Cartas Pastorales

Contemplar el Evangelio de hoy martes 19 de julio de 2022

Día litúrgico: Martes 16 del tiempo ordinario

Texto del Evangelio (Mt 12,46-50):

Todavía estaba hablando a la multitud, cuando su madre y sus hermanos, que estaban afuera, trataban de hablar con él.

Alguien le dijo: «Tu madre y tus hermanos están ahí afuera y quieren hablarte».

Jesús le respondió: «¿Quién es mí madre y quiénes son mis hermanos?».

Y señalando con la mano a sus discípulos, agregó: «Estos son mi madre y mis hermanos.

Porque todo el que hace la voluntad de mi Padre que está en el cielo, ese es mi hermano, mi hermana y mi madre».

Palabra del Señor.

Reflexión

Este texto del evangelio en algunas ocasiones se ha utilizado para desacreditar la figura de la Virgen María, afirmando que tuvo más hijos, y también haciendo parecer la respuesta de Jesús como un rechazo a sus parientes e incluso a su Madre. Nada más lejos de la realidad.
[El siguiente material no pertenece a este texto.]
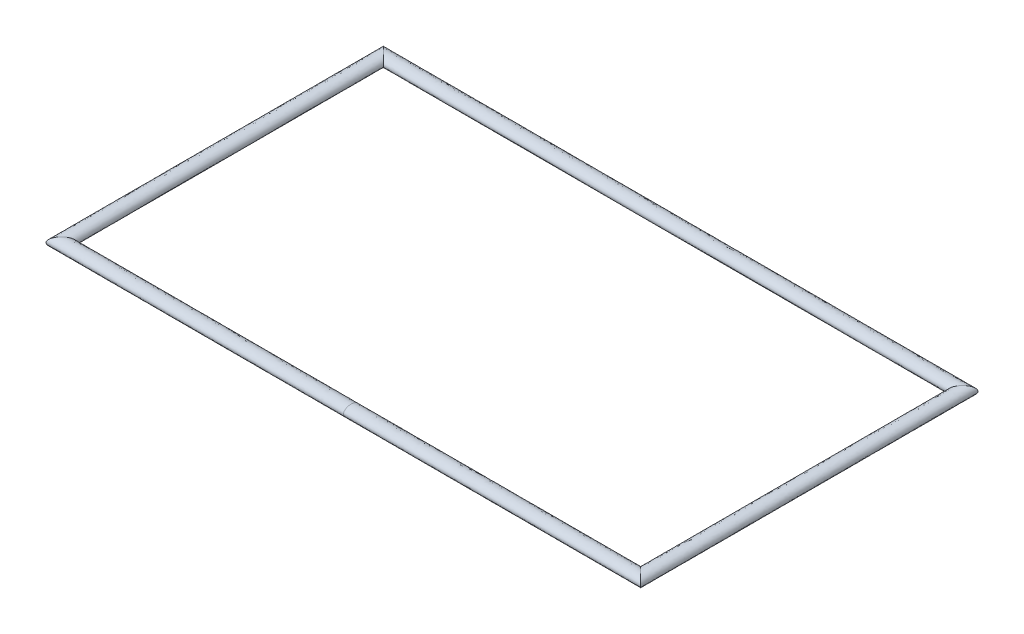
from build123d import *

# Parameters (mm, degrees)
SKIZZE9_RX = 1.15
SKIZZE9_RY = 0.75


with BuildPart() as part:
    # Austragung2: sweep along a path in Skizze2
    with BuildLine(Plane(origin=(0, 0, 0), x_dir=(1, 0, 0), z_dir=(0, 1, 0))) as austragung2_path:
        Line((-43.2, -24), (43.2, -24))
        Line((43.2, -24), (43.2, 24))
        Line((43.2, 24), (-43.2, 24))
        Line((-43.2, 24), (-43.2, -24))
    # Skizze9 → Austragung2 (sweep)
    with BuildSketch(Plane(origin=(0, 0, 0), x_dir=(0, 0, -1), z_dir=(1, 0, 0))):
        with Locations((-24, 0)):
            Ellipse(SKIZZE9_RX, SKIZZE9_RY)
    sweep(path=austragung2_path.line, transition=Transition.RIGHT)


solid = part.part
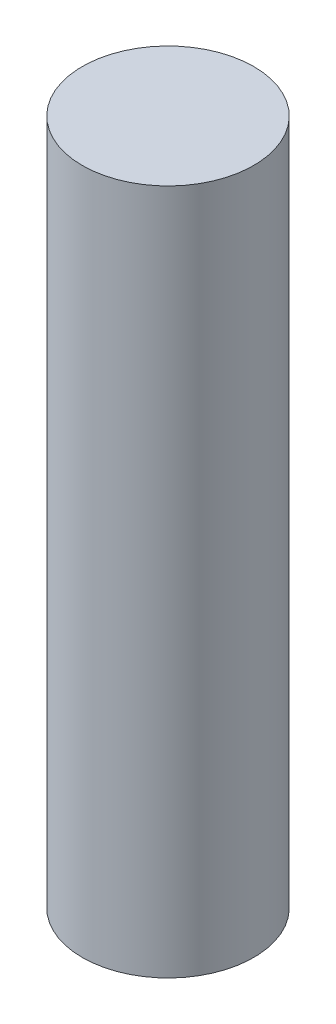
from build123d import *

# Parameters (mm, degrees)
ESQUISSE1_R      = 2
EXTRUSION1_DEPTH = 16


with BuildPart() as part:
    # Esquisse1 → Extrusion1 (new body)
    with BuildSketch(Plane(origin=(0, 0, 0), x_dir=(1, 0, 0), z_dir=(0, 1, 0))):
        Circle(ESQUISSE1_R)
    extrude(amount=EXTRUSION1_DEPTH)


solid = part.part
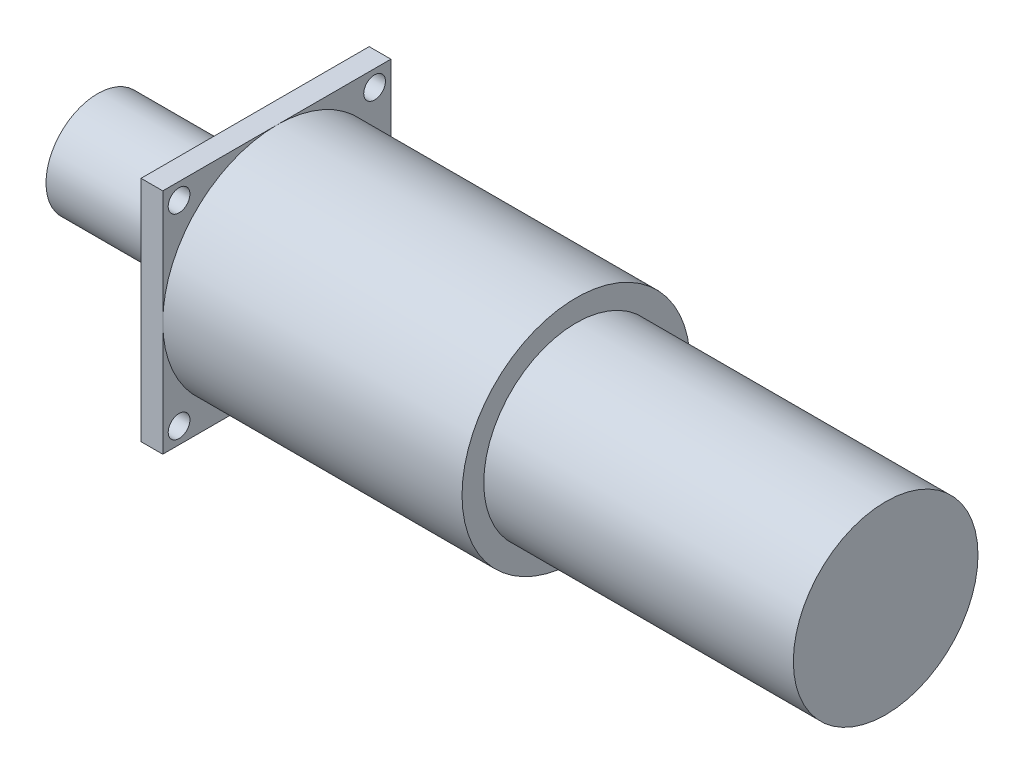
from build123d import *

# Parameters (mm, degrees)
ESBO_O2_W                = 42
ESBO_O2_H                = 42
RESSALTO_EXTRUS_O1_DEPTH = 4
ESBO_O3_R                = 2
CORTE_EXTRUS_O1_DEPTH    = 4


with BuildPart() as part:
    # Esboço1 → Revolução1 (revolve)
    with BuildSketch(Plane.XY):
        Polygon((-29, 0), (-29, 9.5), (-11.2, 9.5), (-11.2, 4), (-3.7, 4), (-3.7, 15), (0, 15), (0, 21), (59.1, 21), (59.1, 17), (116.1, 17), (116.1, 0), align=None)
    revolve(axis=Axis((0, 0, 0), (1, 0, 0)))

    # Esboço2 → Ressalto-extrusão1 (add)
    with BuildSketch(Plane.ZY):
        Rectangle(ESBO_O2_W, ESBO_O2_H)
    extrude(amount=-RESSALTO_EXTRUS_O1_DEPTH)

    # Esboço3 → Corte-extrusão1 (cut)
    with BuildSketch(Plane(origin=(4, 0, 0), x_dir=(0, 0, -1), z_dir=(1, 0, 0))):
        with Locations((-18, 18)):
            Circle(ESBO_O3_R)
        with Locations((-18, -18)):
            Circle(ESBO_O3_R)
        with Locations((18, -18)):
            Circle(ESBO_O3_R)
        with Locations((18, 18)):
            Circle(ESBO_O3_R)
    extrude(amount=-CORTE_EXTRUS_O1_DEPTH, mode=Mode.SUBTRACT)


solid = part.part
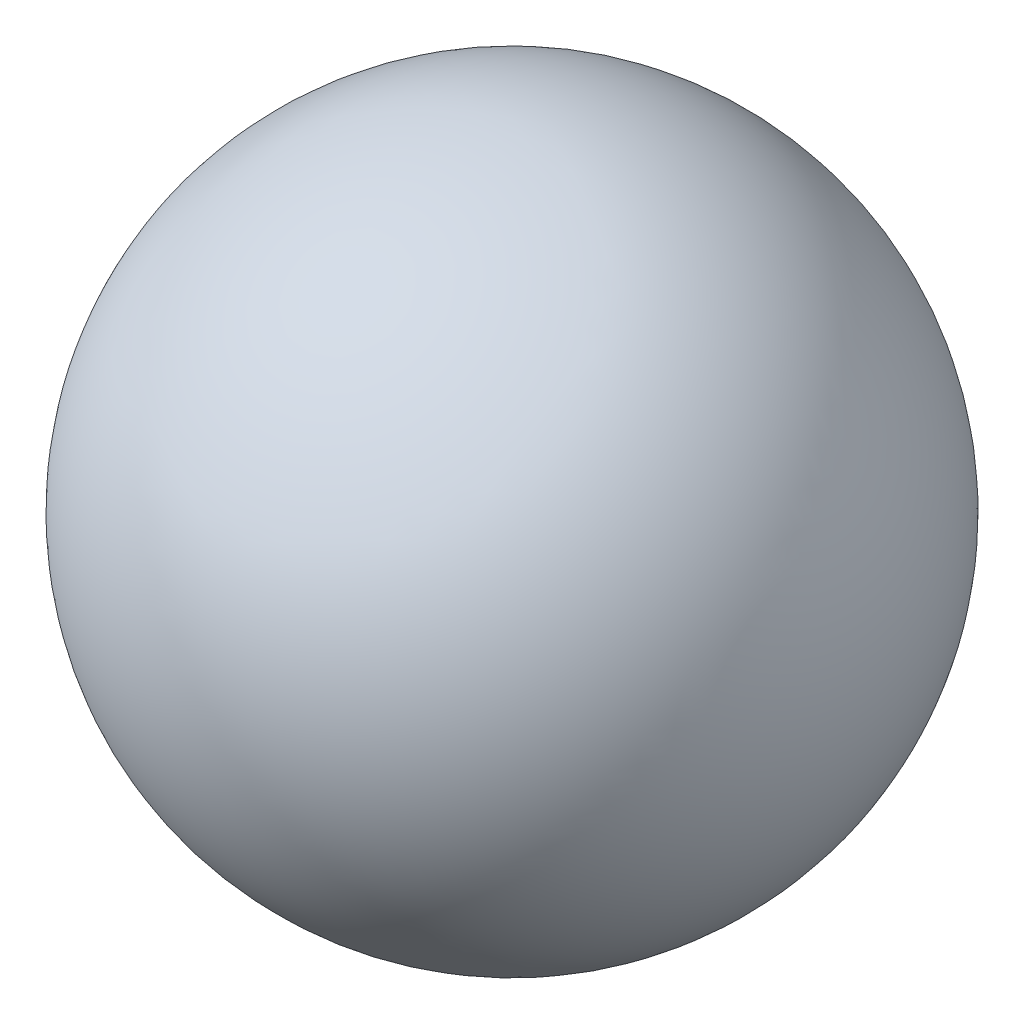
from build123d import *


with BuildPart() as part:
    # Sketch1 → Revolve1 (revolve)
    with BuildSketch(Plane(origin=(0, 0, 0), x_dir=(1, 0, 0), z_dir=(0, 1, 0))):
        with BuildLine():
            Line((-47.625, 0), (47.625, 0))
            ThreePointArc((47.625, 0), (0, -47.625), (-47.625, 0))
        make_face()
    revolve(axis=Axis((47.625, 0, 0), (1, 0, 0)))


solid = part.part

Lo cierto es que Jesús quiere hacernos ver y entender es que hay unos lazos con Él que son más fuertes que los de la carne y de la sangre. Y son los lazos de la fe. La fe y la confianza en Él están por encima de todo. María fue felicitada porque concibió a Jesús en su vientre.

Pero también porque creyó en la Palabra que se le dirigió de parte de Dios y que escuchó tan atenta, que la llegó a hacer carne en sus entrañas.

Todo el que pretenda pertenecerle, seguir su ejemplo y entrar en el ámbito de su verdadera familia debe, como Jesús, establecer una prioridad de opciones en que la primacía la ostente el cumplimiento de la voluntad de Dios en su vida. El programa no es negativo, sino positivo, pues desemboca en la pertenencia a Cristo como discípulo suyo y en la intimidad familiar con él, que es el hermano mayor de cuantos se deciden por los criterios de Dios.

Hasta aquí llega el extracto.